TASK OBJECTIVE:
Print the full listing once more, exactly as given.

DATA SHOWN:
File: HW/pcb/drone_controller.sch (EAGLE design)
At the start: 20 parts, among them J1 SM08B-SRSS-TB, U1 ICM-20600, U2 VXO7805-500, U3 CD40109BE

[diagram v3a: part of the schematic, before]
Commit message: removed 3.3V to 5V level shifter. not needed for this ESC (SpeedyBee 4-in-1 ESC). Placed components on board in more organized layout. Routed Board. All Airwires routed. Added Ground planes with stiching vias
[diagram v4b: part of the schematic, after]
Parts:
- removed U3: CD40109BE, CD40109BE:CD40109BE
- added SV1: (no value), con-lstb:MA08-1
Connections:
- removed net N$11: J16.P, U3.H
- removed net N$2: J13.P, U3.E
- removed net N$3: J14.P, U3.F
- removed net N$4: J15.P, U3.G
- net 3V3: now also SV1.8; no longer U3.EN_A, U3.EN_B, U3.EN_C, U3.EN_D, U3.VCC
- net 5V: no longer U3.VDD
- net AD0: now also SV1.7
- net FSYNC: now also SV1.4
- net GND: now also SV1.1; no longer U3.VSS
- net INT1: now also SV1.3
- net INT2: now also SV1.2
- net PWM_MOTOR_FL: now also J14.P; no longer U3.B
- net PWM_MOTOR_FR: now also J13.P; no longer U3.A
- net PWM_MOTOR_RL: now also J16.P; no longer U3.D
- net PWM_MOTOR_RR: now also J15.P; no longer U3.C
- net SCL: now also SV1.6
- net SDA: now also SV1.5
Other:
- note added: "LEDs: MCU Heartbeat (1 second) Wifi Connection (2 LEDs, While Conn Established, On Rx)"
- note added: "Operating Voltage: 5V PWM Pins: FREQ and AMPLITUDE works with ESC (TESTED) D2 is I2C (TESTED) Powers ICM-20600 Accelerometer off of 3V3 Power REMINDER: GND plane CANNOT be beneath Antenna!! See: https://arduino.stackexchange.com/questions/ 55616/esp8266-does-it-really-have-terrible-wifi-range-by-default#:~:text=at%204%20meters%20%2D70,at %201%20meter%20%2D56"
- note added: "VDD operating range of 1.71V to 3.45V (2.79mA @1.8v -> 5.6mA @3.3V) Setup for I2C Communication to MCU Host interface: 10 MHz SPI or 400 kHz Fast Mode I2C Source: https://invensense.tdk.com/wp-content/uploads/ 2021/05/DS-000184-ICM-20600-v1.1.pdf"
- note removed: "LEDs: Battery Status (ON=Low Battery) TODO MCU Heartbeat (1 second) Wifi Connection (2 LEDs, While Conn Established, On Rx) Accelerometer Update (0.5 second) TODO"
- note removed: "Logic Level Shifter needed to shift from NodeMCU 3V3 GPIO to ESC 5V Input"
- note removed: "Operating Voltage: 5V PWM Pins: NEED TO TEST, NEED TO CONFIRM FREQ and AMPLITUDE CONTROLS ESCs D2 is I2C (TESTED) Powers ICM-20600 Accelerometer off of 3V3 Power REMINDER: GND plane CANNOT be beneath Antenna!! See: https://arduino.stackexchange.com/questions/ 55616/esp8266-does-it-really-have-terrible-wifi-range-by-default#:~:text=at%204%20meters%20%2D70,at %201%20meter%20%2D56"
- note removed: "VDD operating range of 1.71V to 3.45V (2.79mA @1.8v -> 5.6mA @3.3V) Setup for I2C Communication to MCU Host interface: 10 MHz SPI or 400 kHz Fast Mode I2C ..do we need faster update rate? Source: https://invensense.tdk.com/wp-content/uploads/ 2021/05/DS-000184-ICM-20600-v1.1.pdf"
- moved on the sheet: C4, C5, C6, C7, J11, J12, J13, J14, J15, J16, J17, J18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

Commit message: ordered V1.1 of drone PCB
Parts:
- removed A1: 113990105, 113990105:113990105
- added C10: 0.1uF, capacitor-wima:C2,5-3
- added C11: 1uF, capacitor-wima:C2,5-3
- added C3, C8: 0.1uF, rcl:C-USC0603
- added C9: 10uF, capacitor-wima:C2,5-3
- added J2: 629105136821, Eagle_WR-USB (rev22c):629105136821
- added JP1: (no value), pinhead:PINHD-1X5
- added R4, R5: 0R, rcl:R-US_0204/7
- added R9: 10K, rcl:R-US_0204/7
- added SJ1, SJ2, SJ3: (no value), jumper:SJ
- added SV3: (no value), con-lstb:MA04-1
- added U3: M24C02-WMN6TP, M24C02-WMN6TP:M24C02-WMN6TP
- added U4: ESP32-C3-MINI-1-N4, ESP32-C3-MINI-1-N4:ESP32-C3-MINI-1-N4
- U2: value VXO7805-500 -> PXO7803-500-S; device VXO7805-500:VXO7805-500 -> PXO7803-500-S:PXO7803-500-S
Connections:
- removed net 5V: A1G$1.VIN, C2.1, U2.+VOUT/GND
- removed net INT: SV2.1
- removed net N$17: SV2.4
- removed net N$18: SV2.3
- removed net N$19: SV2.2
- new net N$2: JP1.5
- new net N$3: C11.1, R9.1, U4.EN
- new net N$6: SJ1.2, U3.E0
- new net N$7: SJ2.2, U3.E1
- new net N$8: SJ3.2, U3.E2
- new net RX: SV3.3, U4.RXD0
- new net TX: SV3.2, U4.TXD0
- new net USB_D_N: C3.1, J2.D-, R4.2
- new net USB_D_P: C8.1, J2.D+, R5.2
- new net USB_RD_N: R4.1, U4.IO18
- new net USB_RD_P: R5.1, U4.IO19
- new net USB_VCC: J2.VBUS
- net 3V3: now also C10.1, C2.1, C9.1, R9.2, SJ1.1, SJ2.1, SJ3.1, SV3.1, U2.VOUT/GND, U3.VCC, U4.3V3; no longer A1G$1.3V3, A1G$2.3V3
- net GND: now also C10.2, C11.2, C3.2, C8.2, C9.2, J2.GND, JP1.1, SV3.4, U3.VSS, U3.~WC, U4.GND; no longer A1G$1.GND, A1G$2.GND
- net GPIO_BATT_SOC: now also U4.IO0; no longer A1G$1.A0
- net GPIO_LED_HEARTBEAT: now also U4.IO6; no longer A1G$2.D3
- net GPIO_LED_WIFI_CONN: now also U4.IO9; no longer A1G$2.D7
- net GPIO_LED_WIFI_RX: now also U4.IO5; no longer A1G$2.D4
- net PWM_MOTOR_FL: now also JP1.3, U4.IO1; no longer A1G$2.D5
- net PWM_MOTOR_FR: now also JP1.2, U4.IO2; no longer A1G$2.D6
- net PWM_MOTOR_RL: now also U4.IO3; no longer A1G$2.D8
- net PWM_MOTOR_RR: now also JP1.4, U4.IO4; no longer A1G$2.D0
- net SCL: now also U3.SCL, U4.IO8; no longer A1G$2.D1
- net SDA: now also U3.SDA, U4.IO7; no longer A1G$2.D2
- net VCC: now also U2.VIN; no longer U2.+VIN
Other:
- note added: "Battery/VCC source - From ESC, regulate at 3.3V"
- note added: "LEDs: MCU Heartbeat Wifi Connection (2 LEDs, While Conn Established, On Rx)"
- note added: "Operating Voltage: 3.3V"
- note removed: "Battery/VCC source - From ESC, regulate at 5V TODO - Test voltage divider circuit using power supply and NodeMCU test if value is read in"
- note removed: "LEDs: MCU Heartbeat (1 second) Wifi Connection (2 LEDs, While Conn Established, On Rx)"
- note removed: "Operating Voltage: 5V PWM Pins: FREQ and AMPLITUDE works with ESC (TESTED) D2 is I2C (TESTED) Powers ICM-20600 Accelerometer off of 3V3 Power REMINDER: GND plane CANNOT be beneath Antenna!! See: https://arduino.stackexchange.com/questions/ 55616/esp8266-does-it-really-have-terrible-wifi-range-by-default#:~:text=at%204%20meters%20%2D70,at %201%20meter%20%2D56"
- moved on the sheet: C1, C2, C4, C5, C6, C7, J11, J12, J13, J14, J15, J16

ANSWER TO THIS EXERCISE:
File: HW/pcb/drone_controller.sch (EAGLE design)
At the start: 20 parts, among them J1 SM08B-SRSS-TB, U1 ICM-20600, U2 VXO7805-500, U3 CD40109BE

[diagram v3a: part of the schematic, before]
Commit message: removed 3.3V to 5V level shifter. not needed for this ESC (SpeedyBee 4-in-1 ESC). Placed components on board in more organized layout. Routed Board. All Airwires routed. Added Ground planes with stiching vias
[diagram v4b: part of the schematic, after]
Parts:
- removed U3: CD40109BE, CD40109BE:CD40109BE
- added SV1: (no value), con-lstb:MA08-1
Connections:
- removed net N$11: J16.P, U3.H
- removed net N$2: J13.P, U3.E
- removed net N$3: J14.P, U3.F
- removed net N$4: J15.P, U3.G
- net 3V3: now also SV1.8; no longer U3.EN_A, U3.EN_B, U3.EN_C, U3.EN_D, U3.VCC
- net 5V: no longer U3.VDD
- net AD0: now also SV1.7
- net FSYNC: now also SV1.4
- net GND: now also SV1.1; no longer U3.VSS
- net INT1: now also SV1.3
- net INT2: now also SV1.2
- net PWM_MOTOR_FL: now also J14.P; no longer U3.B
- net PWM_MOTOR_FR: now also J13.P; no longer U3.A
- net PWM_MOTOR_RL: now also J16.P; no longer U3.D
- net PWM_MOTOR_RR: now also J15.P; no longer U3.C
- net SCL: now also SV1.6
- net SDA: now also SV1.5
Other:
- note added: "LEDs: MCU Heartbeat (1 second) Wifi Connection (2 LEDs, While Conn Established, On Rx)"
- note added: "Operating Voltage: 5V PWM Pins: FREQ and AMPLITUDE works with ESC (TESTED) D2 is I2C (TESTED) Powers ICM-20600 Accelerometer off of 3V3 Power REMINDER: GND plane CANNOT be beneath Antenna!! See: https://arduino.stackexchange.com/questions/ 55616/esp8266-does-it-really-have-terrible-wifi-range-by-default#:~:text=at%204%20meters%20%2D70,at %201%20meter%20%2D56"
- note added: "VDD operating range of 1.71V to 3.45V (2.79mA @1.8v -> 5.6mA @3.3V) Setup for I2C Communication to MCU Host interface: 10 MHz SPI or 400 kHz Fast Mode I2C Source: https://invensense.tdk.com/wp-content/uploads/ 2021/05/DS-000184-ICM-20600-v1.1.pdf"
- note removed: "LEDs: Battery Status (ON=Low Battery) TODO MCU Heartbeat (1 second) Wifi Connection (2 LEDs, While Conn Established, On Rx) Accelerometer Update (0.5 second) TODO"
- note removed: "Logic Level Shifter needed to shift from NodeMCU 3V3 GPIO to ESC 5V Input"
- note removed: "Operating Voltage: 5V PWM Pins: NEED TO TEST, NEED TO CONFIRM FREQ and AMPLITUDE CONTROLS ESCs D2 is I2C (TESTED) Powers ICM-20600 Accelerometer off of 3V3 Power REMINDER: GND plane CANNOT be beneath Antenna!! See: https://arduino.stackexchange.com/questions/ 55616/esp8266-does-it-really-have-terrible-wifi-range-by-default#:~:text=at%204%20meters%20%2D70,at %201%20meter%20%2D56"
- note removed: "VDD operating range of 1.71V to 3.45V (2.79mA @1.8v -> 5.6mA @3.3V) Setup for I2C Communication to MCU Host interface: 10 MHz SPI or 400 kHz Fast Mode I2C ..do we need faster update rate? Source: https://invensense.tdk.com/wp-content/uploads/ 2021/05/DS-000184-ICM-20600-v1.1.pdf"
- moved on the sheet: C4, C5, C6, C7, J11, J12, J13, J14, J15, J16, J17, J18

Commit message: ordered V1.1 of drone PCB
Parts:
- removed A1: 113990105, 113990105:113990105
- added C10: 0.1uF, capacitor-wima:C2,5-3
- added C11: 1uF, capacitor-wima:C2,5-3
- added C3, C8: 0.1uF, rcl:C-USC0603
- added C9: 10uF, capacitor-wima:C2,5-3
- added J2: 629105136821, Eagle_WR-USB (rev22c):629105136821
- added JP1: (no value), pinhead:PINHD-1X5
- added R4, R5: 0R, rcl:R-US_0204/7
- added R9: 10K, rcl:R-US_0204/7
- added SJ1, SJ2, SJ3: (no value), jumper:SJ
- added SV3: (no value), con-lstb:MA04-1
- added U3: M24C02-WMN6TP, M24C02-WMN6TP:M24C02-WMN6TP
- added U4: ESP32-C3-MINI-1-N4, ESP32-C3-MINI-1-N4:ESP32-C3-MINI-1-N4
- U2: value VXO7805-500 -> PXO7803-500-S; device VXO7805-500:VXO7805-500 -> PXO7803-500-S:PXO7803-500-S
Connections:
- removed net 5V: A1G$1.VIN, C2.1, U2.+VOUT/GND
- removed net INT: SV2.1
- removed net N$17: SV2.4
- removed net N$18: SV2.3
- removed net N$19: SV2.2
- new net N$2: JP1.5
- new net N$3: C11.1, R9.1, U4.EN
- new net N$6: SJ1.2, U3.E0
- new net N$7: SJ2.2, U3.E1
- new net N$8: SJ3.2, U3.E2
- new net RX: SV3.3, U4.RXD0
- new net TX: SV3.2, U4.TXD0
- new net USB_D_N: C3.1, J2.D-, R4.2
- new net USB_D_P: C8.1, J2.D+, R5.2
- new net USB_RD_N: R4.1, U4.IO18
- new net USB_RD_P: R5.1, U4.IO19
- new net USB_VCC: J2.VBUS
- net 3V3: now also C10.1, C2.1, C9.1, R9.2, SJ1.1, SJ2.1, SJ3.1, SV3.1, U2.VOUT/GND, U3.VCC, U4.3V3; no longer A1G$1.3V3, A1G$2.3V3
- net GND: now also C10.2, C11.2, C3.2, C8.2, C9.2, J2.GND, JP1.1, SV3.4, U3.VSS, U3.~WC, U4.GND; no longer A1G$1.GND, A1G$2.GND
- net GPIO_BATT_SOC: now also U4.IO0; no longer A1G$1.A0
- net GPIO_LED_HEARTBEAT: now also U4.IO6; no longer A1G$2.D3
- net GPIO_LED_WIFI_CONN: now also U4.IO9; no longer A1G$2.D7
- net GPIO_LED_WIFI_RX: now also U4.IO5; no longer A1G$2.D4
- net PWM_MOTOR_FL: now also JP1.3, U4.IO1; no longer A1G$2.D5
- net PWM_MOTOR_FR: now also JP1.2, U4.IO2; no longer A1G$2.D6
- net PWM_MOTOR_RL: now also U4.IO3; no longer A1G$2.D8
- net PWM_MOTOR_RR: now also JP1.4, U4.IO4; no longer A1G$2.D0
- net SCL: now also U3.SCL, U4.IO8; no longer A1G$2.D1
- net SDA: now also U3.SDA, U4.IO7; no longer A1G$2.D2
- net VCC: now also U2.VIN; no longer U2.+VIN
Other:
- note added: "Battery/VCC source - From ESC, regulate at 3.3V"
- note added: "LEDs: MCU Heartbeat Wifi Connection (2 LEDs, While Conn Established, On Rx)"
- note added: "Operating Voltage: 3.3V"
- note removed: "Battery/VCC source - From ESC, regulate at 5V TODO - Test voltage divider circuit using power supply and NodeMCU test if value is read in"
- note removed: "LEDs: MCU Heartbeat (1 second) Wifi Connection (2 LEDs, While Conn Established, On Rx)"
- note removed: "Operating Voltage: 5V PWM Pins: FREQ and AMPLITUDE works with ESC (TESTED) D2 is I2C (TESTED) Powers ICM-20600 Accelerometer off of 3V3 Power REMINDER: GND plane CANNOT be beneath Antenna!! See: https://arduino.stackexchange.com/questions/ 55616/esp8266-does-it-really-have-terrible-wifi-range-by-default#:~:text=at%204%20meters%20%2D70,at %201%20meter%20%2D56"
- moved on the sheet: C1, C2, C4, C5, C6, C7, J11, J12, J13, J14, J15, J16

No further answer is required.